Socjotechnika w rozwiązywaniu problemu ubóstwa.

Znaczenia słowa socjotechnika

Działanie indywidualne lub grupowe zmierzające do uzyskania pożądanego zachowania jednostek i grup społecznych.

Zespół dyrektyw dotyczących dokonywania racjonalnych przemian życia społecznego. Dyrektywy te, zwane dyrektywami socjotechnicznymi określają, jak przy pomocy odpowiednich środków dokonywać celowych przemian społecznych, opierając się przy tym na ocenach i wartościach społecznych.

Refleksja teoretyczna nad celowymi działaniami społecznymi, przyjmująca ich skuteczność za jedno z głównych kryteriów analizy.

Sztuka lub umiejętność skutecznego oddziaływania na innych.
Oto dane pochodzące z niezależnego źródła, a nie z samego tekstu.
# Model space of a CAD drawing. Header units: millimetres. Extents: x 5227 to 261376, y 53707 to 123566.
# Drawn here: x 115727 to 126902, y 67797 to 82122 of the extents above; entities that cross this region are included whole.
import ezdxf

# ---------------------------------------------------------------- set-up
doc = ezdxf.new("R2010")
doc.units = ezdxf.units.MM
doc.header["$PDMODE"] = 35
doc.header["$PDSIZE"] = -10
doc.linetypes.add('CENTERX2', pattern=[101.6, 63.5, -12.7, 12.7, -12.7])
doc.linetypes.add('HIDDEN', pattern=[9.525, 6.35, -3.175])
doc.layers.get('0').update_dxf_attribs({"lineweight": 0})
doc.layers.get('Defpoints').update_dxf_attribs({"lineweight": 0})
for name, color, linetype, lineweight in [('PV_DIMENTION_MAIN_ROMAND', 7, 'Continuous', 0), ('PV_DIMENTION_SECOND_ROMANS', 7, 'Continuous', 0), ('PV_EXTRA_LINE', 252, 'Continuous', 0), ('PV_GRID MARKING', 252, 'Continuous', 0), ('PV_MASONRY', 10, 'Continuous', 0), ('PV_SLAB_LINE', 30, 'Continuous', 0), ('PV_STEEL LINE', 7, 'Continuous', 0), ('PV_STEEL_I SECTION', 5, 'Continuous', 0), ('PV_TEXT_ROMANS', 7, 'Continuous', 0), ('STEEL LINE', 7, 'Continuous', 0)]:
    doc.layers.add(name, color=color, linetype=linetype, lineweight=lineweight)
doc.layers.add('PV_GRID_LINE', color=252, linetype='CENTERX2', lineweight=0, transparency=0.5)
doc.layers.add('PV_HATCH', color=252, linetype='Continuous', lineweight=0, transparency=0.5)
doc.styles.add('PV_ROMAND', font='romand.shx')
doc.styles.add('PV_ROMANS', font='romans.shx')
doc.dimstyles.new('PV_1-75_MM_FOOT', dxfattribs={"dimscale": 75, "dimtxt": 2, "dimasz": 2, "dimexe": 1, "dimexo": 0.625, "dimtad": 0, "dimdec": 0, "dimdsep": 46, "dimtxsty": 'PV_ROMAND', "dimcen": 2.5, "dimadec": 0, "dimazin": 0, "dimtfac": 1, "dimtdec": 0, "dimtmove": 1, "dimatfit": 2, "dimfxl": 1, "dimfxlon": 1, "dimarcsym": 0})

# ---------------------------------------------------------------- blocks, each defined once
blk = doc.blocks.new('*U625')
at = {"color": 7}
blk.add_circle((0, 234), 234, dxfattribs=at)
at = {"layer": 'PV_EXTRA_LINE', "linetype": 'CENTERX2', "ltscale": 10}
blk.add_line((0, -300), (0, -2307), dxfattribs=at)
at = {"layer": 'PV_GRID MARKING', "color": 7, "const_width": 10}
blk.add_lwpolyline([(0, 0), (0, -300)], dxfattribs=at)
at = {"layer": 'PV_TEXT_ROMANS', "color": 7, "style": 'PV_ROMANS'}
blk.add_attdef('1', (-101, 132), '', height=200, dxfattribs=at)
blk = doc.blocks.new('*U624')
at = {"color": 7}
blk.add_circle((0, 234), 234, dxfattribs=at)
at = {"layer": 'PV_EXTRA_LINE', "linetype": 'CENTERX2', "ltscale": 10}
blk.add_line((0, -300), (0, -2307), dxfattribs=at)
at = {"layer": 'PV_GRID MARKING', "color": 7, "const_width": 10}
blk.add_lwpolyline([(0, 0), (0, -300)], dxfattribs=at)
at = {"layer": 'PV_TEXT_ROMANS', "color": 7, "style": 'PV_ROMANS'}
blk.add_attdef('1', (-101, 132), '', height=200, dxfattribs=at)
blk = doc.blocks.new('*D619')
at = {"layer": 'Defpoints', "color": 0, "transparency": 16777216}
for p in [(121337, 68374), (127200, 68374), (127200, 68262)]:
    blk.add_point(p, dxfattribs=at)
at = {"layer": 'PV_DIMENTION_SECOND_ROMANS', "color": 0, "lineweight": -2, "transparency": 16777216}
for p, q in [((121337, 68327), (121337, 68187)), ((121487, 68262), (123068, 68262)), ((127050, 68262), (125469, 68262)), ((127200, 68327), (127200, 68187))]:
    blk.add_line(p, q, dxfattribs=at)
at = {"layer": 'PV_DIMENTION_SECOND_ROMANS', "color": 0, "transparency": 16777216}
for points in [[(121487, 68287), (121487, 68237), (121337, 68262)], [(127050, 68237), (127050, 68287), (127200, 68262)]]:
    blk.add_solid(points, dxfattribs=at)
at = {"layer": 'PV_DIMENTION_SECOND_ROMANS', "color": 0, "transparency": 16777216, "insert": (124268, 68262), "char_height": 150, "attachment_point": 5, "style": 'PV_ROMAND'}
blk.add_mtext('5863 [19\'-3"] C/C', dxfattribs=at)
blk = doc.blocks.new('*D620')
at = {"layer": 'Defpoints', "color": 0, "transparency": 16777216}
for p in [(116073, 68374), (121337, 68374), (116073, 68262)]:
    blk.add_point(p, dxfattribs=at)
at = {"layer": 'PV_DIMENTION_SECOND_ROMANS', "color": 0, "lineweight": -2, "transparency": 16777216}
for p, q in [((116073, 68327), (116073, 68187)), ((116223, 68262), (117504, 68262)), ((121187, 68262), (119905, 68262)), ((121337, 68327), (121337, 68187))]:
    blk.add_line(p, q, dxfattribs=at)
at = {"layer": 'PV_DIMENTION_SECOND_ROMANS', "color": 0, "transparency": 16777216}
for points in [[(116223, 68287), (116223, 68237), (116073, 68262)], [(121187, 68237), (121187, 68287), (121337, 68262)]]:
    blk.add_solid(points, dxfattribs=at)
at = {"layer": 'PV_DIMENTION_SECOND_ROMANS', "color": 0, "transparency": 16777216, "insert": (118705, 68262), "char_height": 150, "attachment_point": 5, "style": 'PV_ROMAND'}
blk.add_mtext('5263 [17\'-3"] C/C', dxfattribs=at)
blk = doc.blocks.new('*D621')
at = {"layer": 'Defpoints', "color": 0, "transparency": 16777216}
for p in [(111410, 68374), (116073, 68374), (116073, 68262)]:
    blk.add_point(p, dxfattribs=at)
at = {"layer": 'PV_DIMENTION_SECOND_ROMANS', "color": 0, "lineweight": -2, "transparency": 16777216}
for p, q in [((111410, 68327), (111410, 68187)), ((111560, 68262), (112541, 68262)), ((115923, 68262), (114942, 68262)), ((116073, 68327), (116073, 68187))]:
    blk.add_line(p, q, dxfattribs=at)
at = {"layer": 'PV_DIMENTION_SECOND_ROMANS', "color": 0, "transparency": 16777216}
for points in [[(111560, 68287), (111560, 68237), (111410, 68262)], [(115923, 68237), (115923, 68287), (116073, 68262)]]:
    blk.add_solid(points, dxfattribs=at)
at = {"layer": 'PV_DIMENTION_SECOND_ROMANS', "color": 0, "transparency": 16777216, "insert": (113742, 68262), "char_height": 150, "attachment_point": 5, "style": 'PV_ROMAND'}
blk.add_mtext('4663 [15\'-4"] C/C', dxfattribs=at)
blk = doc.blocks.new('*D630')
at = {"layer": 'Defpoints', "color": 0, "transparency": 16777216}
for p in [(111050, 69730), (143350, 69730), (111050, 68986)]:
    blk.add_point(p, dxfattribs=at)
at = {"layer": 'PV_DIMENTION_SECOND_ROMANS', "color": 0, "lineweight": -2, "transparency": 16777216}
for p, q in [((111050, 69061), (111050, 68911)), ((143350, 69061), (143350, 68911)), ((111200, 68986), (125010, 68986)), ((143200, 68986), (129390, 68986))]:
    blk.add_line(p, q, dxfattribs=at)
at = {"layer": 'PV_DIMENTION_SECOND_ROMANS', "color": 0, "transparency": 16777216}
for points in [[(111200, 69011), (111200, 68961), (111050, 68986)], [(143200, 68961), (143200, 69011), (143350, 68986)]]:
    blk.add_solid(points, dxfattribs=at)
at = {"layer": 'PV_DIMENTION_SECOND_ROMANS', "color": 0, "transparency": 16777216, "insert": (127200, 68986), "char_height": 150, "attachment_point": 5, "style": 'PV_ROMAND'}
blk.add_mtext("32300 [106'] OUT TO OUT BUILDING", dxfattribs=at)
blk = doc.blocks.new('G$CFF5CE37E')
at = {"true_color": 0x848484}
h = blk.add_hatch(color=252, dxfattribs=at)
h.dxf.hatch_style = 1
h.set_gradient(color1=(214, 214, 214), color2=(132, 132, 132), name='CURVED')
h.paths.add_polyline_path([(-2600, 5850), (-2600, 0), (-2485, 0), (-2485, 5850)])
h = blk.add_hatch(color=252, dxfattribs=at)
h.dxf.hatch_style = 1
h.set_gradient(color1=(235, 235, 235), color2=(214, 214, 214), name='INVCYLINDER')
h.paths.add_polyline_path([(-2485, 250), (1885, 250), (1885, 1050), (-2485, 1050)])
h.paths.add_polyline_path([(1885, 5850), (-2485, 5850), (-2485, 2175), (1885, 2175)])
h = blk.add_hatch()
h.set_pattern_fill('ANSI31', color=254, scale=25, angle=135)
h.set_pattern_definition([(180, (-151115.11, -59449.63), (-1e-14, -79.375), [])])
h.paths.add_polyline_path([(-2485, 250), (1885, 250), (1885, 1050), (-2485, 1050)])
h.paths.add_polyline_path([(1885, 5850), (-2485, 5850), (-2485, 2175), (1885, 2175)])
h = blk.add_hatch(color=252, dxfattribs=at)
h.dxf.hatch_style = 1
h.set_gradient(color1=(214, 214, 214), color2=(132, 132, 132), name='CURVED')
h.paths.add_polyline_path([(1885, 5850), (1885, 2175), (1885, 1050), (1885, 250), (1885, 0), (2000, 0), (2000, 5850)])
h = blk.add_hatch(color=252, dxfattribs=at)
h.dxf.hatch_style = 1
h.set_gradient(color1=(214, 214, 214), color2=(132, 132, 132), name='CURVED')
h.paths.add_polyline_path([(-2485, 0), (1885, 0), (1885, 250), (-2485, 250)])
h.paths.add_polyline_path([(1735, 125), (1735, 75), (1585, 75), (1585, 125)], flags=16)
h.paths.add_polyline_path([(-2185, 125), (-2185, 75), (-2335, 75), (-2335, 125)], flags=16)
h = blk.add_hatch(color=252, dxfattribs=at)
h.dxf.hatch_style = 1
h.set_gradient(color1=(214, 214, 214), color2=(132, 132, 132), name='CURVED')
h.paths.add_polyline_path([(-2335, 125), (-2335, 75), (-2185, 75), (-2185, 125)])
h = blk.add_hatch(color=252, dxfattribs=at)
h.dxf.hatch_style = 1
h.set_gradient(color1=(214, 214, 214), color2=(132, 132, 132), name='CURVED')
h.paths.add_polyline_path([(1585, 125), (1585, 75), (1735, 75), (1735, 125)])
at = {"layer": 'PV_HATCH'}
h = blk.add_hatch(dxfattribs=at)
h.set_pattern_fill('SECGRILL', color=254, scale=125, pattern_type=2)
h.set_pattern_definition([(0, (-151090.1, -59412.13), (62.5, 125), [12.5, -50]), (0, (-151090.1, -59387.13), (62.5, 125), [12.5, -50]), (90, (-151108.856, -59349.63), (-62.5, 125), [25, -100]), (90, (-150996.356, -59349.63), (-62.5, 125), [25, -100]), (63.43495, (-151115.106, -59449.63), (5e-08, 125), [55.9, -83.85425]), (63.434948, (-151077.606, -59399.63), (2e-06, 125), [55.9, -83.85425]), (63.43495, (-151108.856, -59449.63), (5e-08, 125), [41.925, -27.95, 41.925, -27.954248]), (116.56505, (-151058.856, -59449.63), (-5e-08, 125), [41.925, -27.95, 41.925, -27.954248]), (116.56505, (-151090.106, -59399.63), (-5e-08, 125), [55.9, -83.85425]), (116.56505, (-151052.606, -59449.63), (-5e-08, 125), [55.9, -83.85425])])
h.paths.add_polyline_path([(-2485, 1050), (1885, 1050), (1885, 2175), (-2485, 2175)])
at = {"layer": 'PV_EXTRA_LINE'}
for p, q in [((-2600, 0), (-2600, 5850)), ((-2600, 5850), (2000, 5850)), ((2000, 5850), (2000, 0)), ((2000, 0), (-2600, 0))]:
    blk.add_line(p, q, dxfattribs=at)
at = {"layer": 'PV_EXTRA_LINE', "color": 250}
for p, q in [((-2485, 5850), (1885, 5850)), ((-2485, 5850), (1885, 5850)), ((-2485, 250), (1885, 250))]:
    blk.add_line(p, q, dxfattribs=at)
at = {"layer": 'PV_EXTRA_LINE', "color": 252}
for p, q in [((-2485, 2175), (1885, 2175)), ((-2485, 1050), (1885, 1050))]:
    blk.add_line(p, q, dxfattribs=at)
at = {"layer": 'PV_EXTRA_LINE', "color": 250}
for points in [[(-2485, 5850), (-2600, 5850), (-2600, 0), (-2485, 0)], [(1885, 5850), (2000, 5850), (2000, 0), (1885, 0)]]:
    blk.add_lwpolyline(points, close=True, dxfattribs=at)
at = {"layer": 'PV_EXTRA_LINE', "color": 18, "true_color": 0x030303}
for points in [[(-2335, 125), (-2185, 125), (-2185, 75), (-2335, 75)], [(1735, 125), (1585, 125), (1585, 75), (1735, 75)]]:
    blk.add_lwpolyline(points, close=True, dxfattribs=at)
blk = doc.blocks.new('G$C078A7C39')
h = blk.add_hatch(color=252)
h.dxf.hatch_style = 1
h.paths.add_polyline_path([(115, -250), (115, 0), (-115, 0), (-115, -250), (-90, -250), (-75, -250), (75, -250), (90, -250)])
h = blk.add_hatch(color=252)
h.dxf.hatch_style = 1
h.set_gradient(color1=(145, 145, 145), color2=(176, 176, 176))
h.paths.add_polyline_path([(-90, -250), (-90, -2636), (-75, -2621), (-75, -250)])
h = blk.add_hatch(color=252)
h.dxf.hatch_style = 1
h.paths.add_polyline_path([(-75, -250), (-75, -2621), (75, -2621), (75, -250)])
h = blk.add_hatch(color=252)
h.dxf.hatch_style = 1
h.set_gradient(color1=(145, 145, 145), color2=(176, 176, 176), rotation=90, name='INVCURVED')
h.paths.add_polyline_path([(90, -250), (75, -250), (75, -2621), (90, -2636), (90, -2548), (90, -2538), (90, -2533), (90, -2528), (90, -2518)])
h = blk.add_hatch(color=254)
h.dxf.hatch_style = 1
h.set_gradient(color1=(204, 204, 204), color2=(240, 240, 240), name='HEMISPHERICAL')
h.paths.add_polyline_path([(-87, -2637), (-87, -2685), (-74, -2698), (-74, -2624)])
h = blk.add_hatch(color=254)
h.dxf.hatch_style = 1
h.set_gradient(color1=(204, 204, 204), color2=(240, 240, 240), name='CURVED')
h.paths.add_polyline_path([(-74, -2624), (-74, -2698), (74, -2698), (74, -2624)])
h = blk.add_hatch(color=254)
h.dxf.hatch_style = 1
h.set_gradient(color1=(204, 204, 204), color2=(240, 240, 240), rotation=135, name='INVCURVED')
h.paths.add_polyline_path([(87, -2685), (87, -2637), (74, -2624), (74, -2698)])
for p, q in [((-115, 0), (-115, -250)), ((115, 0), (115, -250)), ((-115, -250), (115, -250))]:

Techniki stosowane w inżynierii społecznej

pozorny wybór – adept socjotechniki przedstawia podmiotom manipulacji kilka punktów widzenia, ale zdanie zgodne z jego poglądami w zawoalowany sposób ukazuje w bardziej pozytywnych świetle,

ośmieszanie – manipulator stara się ośmieszyć nieodpowiadające mu idee,

autorytatywne świadectwo – socjotechnik powołuje się na powszechnie akceptowany autorytet,

transfer (przeniesienie) – osoba manipulująca społecznością stara się skojarzyć swoje przesłanie z pozytywnym pojęciem ugruntowanym wśród jego odbiorów, często poprzez tworzenie zbitek słownych,

niezależne zdanie – adept inżynierii społecznej tak kształtuje przekaz, aby stworzyć wrażenie, że nie zależy mu na przekonaniu odbiorców do swojego zdania,

selekcja faktów – manipulator wybiera fakty tylko dla niego wygodne i pozwala odbiorcom na dostęp tylko do jego przekazów,

zamiana nazw (nowomowa) – socjotechnik tworzy nowe pojęcie, któremu nadaje silne tło emocjonalne, a potem wykorzystuje je masowo w konstruowaniu komunikatów przekazywanych manipulowanym osobom,

wskazywanie negatywnych grup odniesienia (wskazywanie wroga) – manipulator wskazuje wroga, który ma zagrażać grupie odbiorców jego przekazu, co pozwala na jej konsolidację wokół promowanych przez niego idei,

zdanie większości – adept inżynierii społecznej twierdzi, że jego zdanie podziela większość i twierdzi, że wszyscy swoi tak mówią,

kłamstwo – socjotechnik kłamie, ale stara się uprawdopodobnić swoje twierdzenia i ogranicza dostęp odbiorcy do innych źródeł informacji, łączy kłamstwa z prawdziwymi faktami,

tworzenie stereotypów – osoba manipulująca grupą tworzy stereotyp, a potem stale go używa, aby wzmocnić jego siłę,

powtarzanie sloganów – specjalista od socjotechniki wymyśla slogan, który stara się potem jak najbardziej rozpowszechnić,

kształtowanie tła emocjonalnego – osoba stosująca inżynierię społeczną stara się swój przekaz skojarzyć z elementami budzącymi pozytywne uczucia, poprzez tworzenie miłej atmosfery, czy pozytywnego tła.

Inżynieria społeczna - casus Indii i Chin
Oceny:10.06.2008.

Dwa najludniejsze państwa świata; Chiny i Indie stosują aborcje jako ważne narzędzie polityki ludnościowej.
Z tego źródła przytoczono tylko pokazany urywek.